Yeah, I used to work on a fraud detection team for another company, where some
guy got some traction online complaining about how his payment account got
shut down. All sorts of bluster about how he scrupulously followed the terms
and conditions and how he couldn't possibly be doing anything fraudulent and
how we were stealing his money, and lots of bad publicity in threads like
this.

Turns out the FBI was investigating the guy for hosting child porn on another
service using the same account, and we weren't allowed to respond in any way
to his complaining online. So we shut down all his accounts and couldn't
really do anything to defend ourselves against his complaints.

In my experience, like 90+% of the loudest complainers of account shutdowns
are completely full of it, and are guilty of very obvious violations that they
somehow fail to mention when blogging about it.
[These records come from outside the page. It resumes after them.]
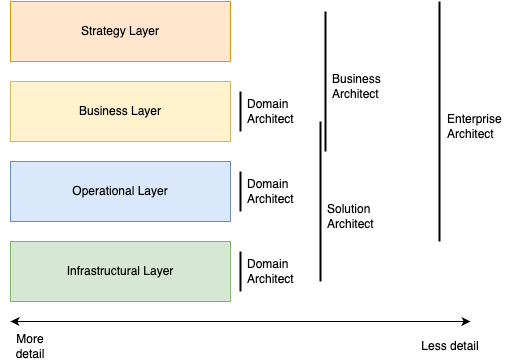

The diagram above was exported from draw.io. Its source (the exported page's mxGraphModel, read from the mxfile embedded in the PNG):
<mxGraphModel dx="1807" dy="579" grid="1" gridSize="10" guides="1" tooltips="1" connect="1" arrows="1" fold="1" page="1" pageScale="1" pageWidth="850" pageHeight="1100" math="0" shadow="0">
  <root>
    <mxCell id="0" />
    <mxCell id="1" parent="0" />
    <mxCell id="2" value="Layer_Scopes" style="whiteSpace=wrap;strokeWidth=2;verticalAlign=top;movable=1;resizable=1;rotatable=1;deletable=1;editable=1;locked=0;connectable=1;" parent="1" vertex="1">
      <mxGeometry x="100" y="100" width="655" height="600" as="geometry" />
    </mxCell>
    <mxCell id="9nzk0diFZ1JzNO4cYexb-9" value="Strategy Layer" style="rounded=0;whiteSpace=wrap;html=1;fillColor=#ffe6cc;strokeColor=#d79b00;" vertex="1" parent="2">
      <mxGeometry x="160" y="220" width="220" height="60" as="geometry" />
    </mxCell>
    <mxCell id="9nzk0diFZ1JzNO4cYexb-10" value="Business Layer" style="rounded=0;whiteSpace=wrap;html=1;fillColor=#fff2cc;strokeColor=#d6b656;" vertex="1" parent="2">
      <mxGeometry x="160" y="300" width="220" height="60" as="geometry" />
    </mxCell>
    <mxCell id="9nzk0diFZ1JzNO4cYexb-12" value="Infrastructural Layer" style="rounded=0;whiteSpace=wrap;html=1;fillColor=#d5e8d4;strokeColor=#82b366;" vertex="1" parent="2">
      <mxGeometry x="160" y="460" width="220" height="60" as="geometry" />
    </mxCell>
    <mxCell id="9nzk0diFZ1JzNO4cYexb-11" value="Operational Layer" style="rounded=0;whiteSpace=wrap;html=1;fillColor=#dae8fc;strokeColor=#6c8ebf;" vertex="1" parent="2">
      <mxGeometry x="160" y="380" width="220" height="60" as="geometry" />
    </mxCell>
    <mxCell id="9nzk0diFZ1JzNO4cYexb-19" value="" style="endArrow=classic;startArrow=classic;html=1;rounded=0;" edge="1" parent="2">
      <mxGeometry width="50" height="50" relative="1" as="geometry">
        <mxPoint x="160" y="540" as="sourcePoint" />
        <mxPoint x="620" y="540" as="targetPoint" />
      </mxGeometry>
    </mxCell>
    <mxCell id="9nzk0diFZ1JzNO4cYexb-20" value="More detail" style="text;html=1;align=center;verticalAlign=middle;whiteSpace=wrap;rounded=0;" vertex="1" parent="2">
      <mxGeometry x="150" y="550" width="60" height="30" as="geometry" />
    </mxCell>
    <mxCell id="9nzk0diFZ1JzNO4cYexb-21" value="Less detail" style="text;html=1;align=center;verticalAlign=middle;whiteSpace=wrap;rounded=0;" vertex="1" parent="2">
      <mxGeometry x="570" y="550" width="60" height="30" as="geometry" />
    </mxCell>
    <mxCell id="9nzk0diFZ1JzNO4cYexb-23" value="" style="endArrow=none;html=1;rounded=0;endSize=10;startSize=10;strokeWidth=2;" edge="1" parent="2">
      <mxGeometry width="50" height="50" relative="1" as="geometry">
        <mxPoint x="390" y="510" as="sourcePoint" />
        <mxPoint x="390" y="470" as="targetPoint" />
      </mxGeometry>
    </mxCell>
    <mxCell id="9nzk0diFZ1JzNO4cYexb-22" value="Domain Architect" style="text;html=1;align=left;verticalAlign=middle;whiteSpace=wrap;rounded=0;" vertex="1" parent="2">
      <mxGeometry x="395" y="475" width="60" height="30" as="geometry" />
    </mxCell>
    <mxCell id="9nzk0diFZ1JzNO4cYexb-24" value="" style="endArrow=none;html=1;rounded=0;endSize=10;startSize=10;strokeWidth=2;" edge="1" parent="2">
      <mxGeometry width="50" height="50" relative="1" as="geometry">
        <mxPoint x="390" y="430" as="sourcePoint" />
        <mxPoint x="390" y="390" as="targetPoint" />
      </mxGeometry>
    </mxCell>
    <mxCell id="9nzk0diFZ1JzNO4cYexb-25" value="Domain Architect" style="text;html=1;align=left;verticalAlign=middle;whiteSpace=wrap;rounded=0;" vertex="1" parent="2">
      <mxGeometry x="395" y="395" width="60" height="30" as="geometry" />
    </mxCell>
    <mxCell id="9nzk0diFZ1JzNO4cYexb-26" value="" style="endArrow=none;html=1;rounded=0;endSize=10;startSize=10;strokeWidth=2;" edge="1" parent="2">
      <mxGeometry width="50" height="50" relative="1" as="geometry">
        <mxPoint x="470" y="500" as="sourcePoint" />
        <mxPoint x="470" y="340" as="targetPoint" />
      </mxGeometry>
    </mxCell>
    <mxCell id="9nzk0diFZ1JzNO4cYexb-28" value="" style="endArrow=none;html=1;rounded=0;endSize=10;startSize=10;strokeWidth=2;" edge="1" parent="2">
      <mxGeometry width="50" height="50" relative="1" as="geometry">
        <mxPoint x="475" y="370" as="sourcePoint" />
        <mxPoint x="475" y="230" as="targetPoint" />
      </mxGeometry>
    </mxCell>
    <mxCell id="9nzk0diFZ1JzNO4cYexb-29" value="Business Architect" style="text;html=1;align=left;verticalAlign=middle;whiteSpace=wrap;rounded=0;" vertex="1" parent="2">
      <mxGeometry x="480" y="290" width="60" height="30" as="geometry" />
    </mxCell>
    <mxCell id="9nzk0diFZ1JzNO4cYexb-30" value="" style="endArrow=none;html=1;rounded=0;endSize=10;startSize=10;strokeWidth=2;" edge="1" parent="2">
      <mxGeometry width="50" height="50" relative="1" as="geometry">
        <mxPoint x="589" y="460" as="sourcePoint" />
        <mxPoint x="589" y="220" as="targetPoint" />
      </mxGeometry>
    </mxCell>
    <mxCell id="9nzk0diFZ1JzNO4cYexb-31" value="Enterprise Architect" style="text;html=1;align=left;verticalAlign=middle;whiteSpace=wrap;rounded=0;" vertex="1" parent="2">
      <mxGeometry x="595" y="330" width="60" height="30" as="geometry" />
    </mxCell>
    <mxCell id="9nzk0diFZ1JzNO4cYexb-27" value="Solution Architect" style="text;html=1;align=left;verticalAlign=middle;whiteSpace=wrap;rounded=0;" vertex="1" parent="2">
      <mxGeometry x="475" y="420" width="60" height="30" as="geometry" />
    </mxCell>
    <mxCell id="9nzk0diFZ1JzNO4cYexb-34" value="" style="endArrow=none;html=1;rounded=0;endSize=10;startSize=10;strokeWidth=2;" edge="1" parent="2">
      <mxGeometry width="50" height="50" relative="1" as="geometry">
        <mxPoint x="390" y="350" as="sourcePoint" />
        <mxPoint x="390" y="310" as="targetPoint" />
      </mxGeometry>
    </mxCell>
    <mxCell id="9nzk0diFZ1JzNO4cYexb-35" value="Domain Architect" style="text;html=1;align=left;verticalAlign=middle;whiteSpace=wrap;rounded=0;" vertex="1" parent="2">
      <mxGeometry x="395" y="315" width="60" height="30" as="geometry" />
    </mxCell>
  </root>
</mxGraphModel>

I'm not going to say that
false positives from machine learning systems never happen, but people who
loudly complain about their accounts being frozen don't have a good track
record, and since most companies aren't going to discuss exactly why they got
shut down in the open, the prevailing narrative seems to be that the large
faceless corporation doesn't care.

------
zokier
Call them? Escalate, escalate, escalate until you get an answer.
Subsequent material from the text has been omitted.